#### [Data extract]
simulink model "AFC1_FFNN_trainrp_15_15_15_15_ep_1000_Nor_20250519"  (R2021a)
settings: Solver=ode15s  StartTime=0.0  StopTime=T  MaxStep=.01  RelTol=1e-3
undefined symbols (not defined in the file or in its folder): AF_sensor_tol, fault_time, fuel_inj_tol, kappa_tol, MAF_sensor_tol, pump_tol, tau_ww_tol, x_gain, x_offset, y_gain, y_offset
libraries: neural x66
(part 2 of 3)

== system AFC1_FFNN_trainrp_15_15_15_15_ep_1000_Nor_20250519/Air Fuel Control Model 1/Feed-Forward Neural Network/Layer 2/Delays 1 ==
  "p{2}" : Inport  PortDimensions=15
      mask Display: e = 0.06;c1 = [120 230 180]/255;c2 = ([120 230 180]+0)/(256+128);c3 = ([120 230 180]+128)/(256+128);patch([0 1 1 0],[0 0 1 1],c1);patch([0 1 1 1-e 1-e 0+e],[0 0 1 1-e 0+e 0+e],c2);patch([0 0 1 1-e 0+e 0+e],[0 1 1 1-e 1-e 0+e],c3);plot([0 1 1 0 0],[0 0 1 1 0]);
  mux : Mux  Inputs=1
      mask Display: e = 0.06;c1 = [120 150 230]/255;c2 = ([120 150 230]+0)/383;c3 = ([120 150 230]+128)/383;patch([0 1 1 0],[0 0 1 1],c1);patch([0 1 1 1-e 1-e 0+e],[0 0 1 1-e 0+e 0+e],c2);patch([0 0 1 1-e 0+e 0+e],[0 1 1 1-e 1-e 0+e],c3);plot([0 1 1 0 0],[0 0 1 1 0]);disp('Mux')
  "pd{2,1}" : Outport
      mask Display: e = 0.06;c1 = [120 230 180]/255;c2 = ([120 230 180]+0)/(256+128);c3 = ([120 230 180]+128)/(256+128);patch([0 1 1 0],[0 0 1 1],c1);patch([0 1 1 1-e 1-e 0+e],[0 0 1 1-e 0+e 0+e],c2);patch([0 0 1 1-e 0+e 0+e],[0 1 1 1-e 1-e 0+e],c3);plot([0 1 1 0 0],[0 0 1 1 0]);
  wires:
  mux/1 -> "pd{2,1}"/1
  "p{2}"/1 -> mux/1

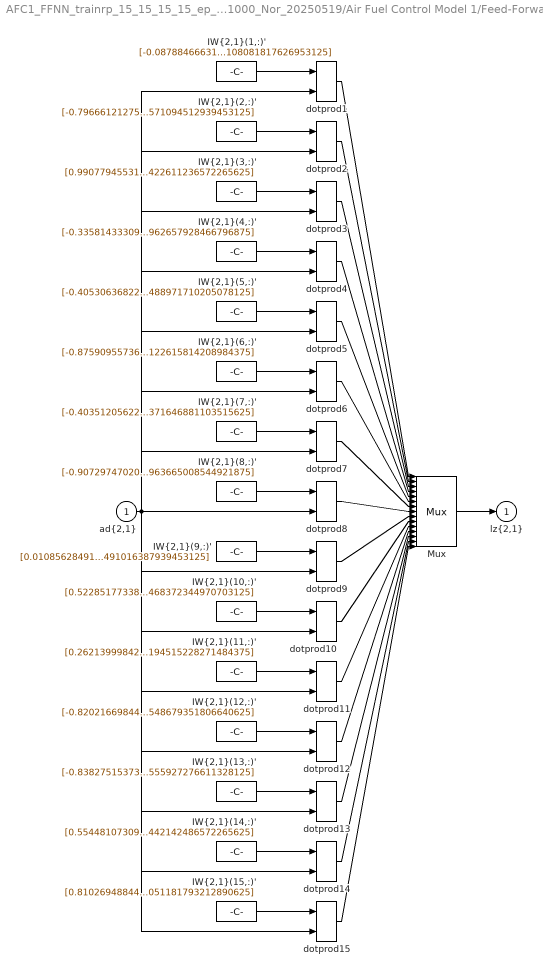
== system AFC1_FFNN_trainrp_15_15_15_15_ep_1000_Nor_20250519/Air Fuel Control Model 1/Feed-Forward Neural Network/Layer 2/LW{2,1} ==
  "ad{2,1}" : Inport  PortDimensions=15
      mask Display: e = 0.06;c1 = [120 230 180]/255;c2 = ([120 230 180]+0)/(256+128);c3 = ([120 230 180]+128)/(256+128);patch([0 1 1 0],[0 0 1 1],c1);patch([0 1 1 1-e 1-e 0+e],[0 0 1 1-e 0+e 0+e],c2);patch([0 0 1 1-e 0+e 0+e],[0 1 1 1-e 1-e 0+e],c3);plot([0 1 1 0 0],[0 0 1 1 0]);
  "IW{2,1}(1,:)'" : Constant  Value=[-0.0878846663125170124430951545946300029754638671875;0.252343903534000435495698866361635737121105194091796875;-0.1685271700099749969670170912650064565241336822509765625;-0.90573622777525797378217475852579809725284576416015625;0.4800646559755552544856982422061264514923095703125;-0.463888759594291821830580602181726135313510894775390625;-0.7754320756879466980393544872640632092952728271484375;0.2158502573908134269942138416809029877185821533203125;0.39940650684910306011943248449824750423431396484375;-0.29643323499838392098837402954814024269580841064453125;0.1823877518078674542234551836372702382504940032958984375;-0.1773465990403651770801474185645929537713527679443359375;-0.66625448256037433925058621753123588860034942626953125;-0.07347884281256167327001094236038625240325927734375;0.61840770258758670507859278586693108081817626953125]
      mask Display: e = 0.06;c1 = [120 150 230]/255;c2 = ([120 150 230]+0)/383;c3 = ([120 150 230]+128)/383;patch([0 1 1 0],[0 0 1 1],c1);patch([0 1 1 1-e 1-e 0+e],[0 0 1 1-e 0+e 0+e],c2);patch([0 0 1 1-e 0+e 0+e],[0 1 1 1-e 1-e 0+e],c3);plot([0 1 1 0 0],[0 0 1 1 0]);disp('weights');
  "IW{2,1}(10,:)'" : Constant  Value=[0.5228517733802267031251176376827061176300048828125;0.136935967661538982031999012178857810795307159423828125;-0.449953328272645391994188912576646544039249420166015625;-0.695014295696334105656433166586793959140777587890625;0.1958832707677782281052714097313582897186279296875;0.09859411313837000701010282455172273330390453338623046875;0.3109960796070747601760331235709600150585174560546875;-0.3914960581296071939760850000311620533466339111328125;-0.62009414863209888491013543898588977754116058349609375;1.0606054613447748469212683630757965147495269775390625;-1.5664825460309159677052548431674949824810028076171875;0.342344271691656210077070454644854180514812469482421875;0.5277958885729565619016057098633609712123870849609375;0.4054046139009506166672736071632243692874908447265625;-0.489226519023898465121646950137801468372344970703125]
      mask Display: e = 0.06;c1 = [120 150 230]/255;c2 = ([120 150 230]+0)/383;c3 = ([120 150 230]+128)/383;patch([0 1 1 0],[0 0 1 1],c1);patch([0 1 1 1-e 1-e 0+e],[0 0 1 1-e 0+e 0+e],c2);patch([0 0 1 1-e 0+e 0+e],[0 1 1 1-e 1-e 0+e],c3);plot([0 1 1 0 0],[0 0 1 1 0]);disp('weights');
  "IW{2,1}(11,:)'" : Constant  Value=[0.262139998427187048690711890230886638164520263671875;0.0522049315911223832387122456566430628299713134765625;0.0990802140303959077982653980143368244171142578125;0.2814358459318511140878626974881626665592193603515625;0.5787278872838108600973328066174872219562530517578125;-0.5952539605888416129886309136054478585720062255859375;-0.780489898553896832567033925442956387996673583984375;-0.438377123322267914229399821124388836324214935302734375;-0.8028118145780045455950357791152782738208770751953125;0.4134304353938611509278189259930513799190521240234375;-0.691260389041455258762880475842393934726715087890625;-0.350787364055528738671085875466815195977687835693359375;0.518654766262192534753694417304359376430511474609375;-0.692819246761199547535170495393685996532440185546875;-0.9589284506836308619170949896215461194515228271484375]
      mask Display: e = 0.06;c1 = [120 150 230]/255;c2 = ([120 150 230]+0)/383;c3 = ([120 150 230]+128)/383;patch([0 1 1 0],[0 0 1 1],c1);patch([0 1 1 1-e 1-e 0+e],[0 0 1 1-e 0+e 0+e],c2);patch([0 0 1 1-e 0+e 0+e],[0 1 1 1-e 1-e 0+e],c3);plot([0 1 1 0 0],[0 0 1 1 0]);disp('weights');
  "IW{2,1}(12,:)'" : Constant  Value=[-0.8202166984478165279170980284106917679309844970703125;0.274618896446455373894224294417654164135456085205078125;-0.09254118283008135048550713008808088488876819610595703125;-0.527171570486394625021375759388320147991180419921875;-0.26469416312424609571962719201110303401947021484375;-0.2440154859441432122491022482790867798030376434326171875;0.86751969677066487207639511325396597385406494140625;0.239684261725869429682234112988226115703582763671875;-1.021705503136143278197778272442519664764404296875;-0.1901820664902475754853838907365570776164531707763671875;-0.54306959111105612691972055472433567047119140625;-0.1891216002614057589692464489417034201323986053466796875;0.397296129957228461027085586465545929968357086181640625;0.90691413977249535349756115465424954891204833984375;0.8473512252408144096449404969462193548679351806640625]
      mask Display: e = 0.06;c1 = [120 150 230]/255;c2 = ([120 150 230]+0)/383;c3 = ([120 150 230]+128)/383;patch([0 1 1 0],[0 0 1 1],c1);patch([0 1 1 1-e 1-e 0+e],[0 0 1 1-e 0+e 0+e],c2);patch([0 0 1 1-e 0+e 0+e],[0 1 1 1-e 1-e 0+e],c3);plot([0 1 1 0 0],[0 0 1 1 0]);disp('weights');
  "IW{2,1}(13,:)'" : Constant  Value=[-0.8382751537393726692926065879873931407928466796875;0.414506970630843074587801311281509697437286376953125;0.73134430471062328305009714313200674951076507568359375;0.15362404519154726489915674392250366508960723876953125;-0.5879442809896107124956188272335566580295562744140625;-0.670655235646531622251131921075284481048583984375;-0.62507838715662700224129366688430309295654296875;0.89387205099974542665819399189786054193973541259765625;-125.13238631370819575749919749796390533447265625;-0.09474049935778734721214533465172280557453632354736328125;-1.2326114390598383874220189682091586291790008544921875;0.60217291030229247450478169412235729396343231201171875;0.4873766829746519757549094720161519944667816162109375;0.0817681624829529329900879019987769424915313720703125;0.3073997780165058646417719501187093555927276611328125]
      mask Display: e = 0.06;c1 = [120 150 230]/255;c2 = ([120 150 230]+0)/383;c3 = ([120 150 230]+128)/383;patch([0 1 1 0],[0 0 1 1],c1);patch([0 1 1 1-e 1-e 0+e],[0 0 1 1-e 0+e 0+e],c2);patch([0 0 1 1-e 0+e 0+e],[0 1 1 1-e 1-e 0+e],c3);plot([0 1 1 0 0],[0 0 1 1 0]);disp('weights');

#### [Required work]
In the entries above, identify every line with the word "Control". Copy those lines.

#### [Output for this exercise]
== system AFC1_FFNN_trainrp_15_15_15_15_ep_1000_Nor_20250519/Air Fuel Control Model 1/Feed-Forward Neural Network/Layer 2/Delays 1 ==
== system AFC1_FFNN_trainrp_15_15_15_15_ep_1000_Nor_20250519/Air Fuel Control Model 1/Feed-Forward Neural Network/Layer 2/LW{2,1} ==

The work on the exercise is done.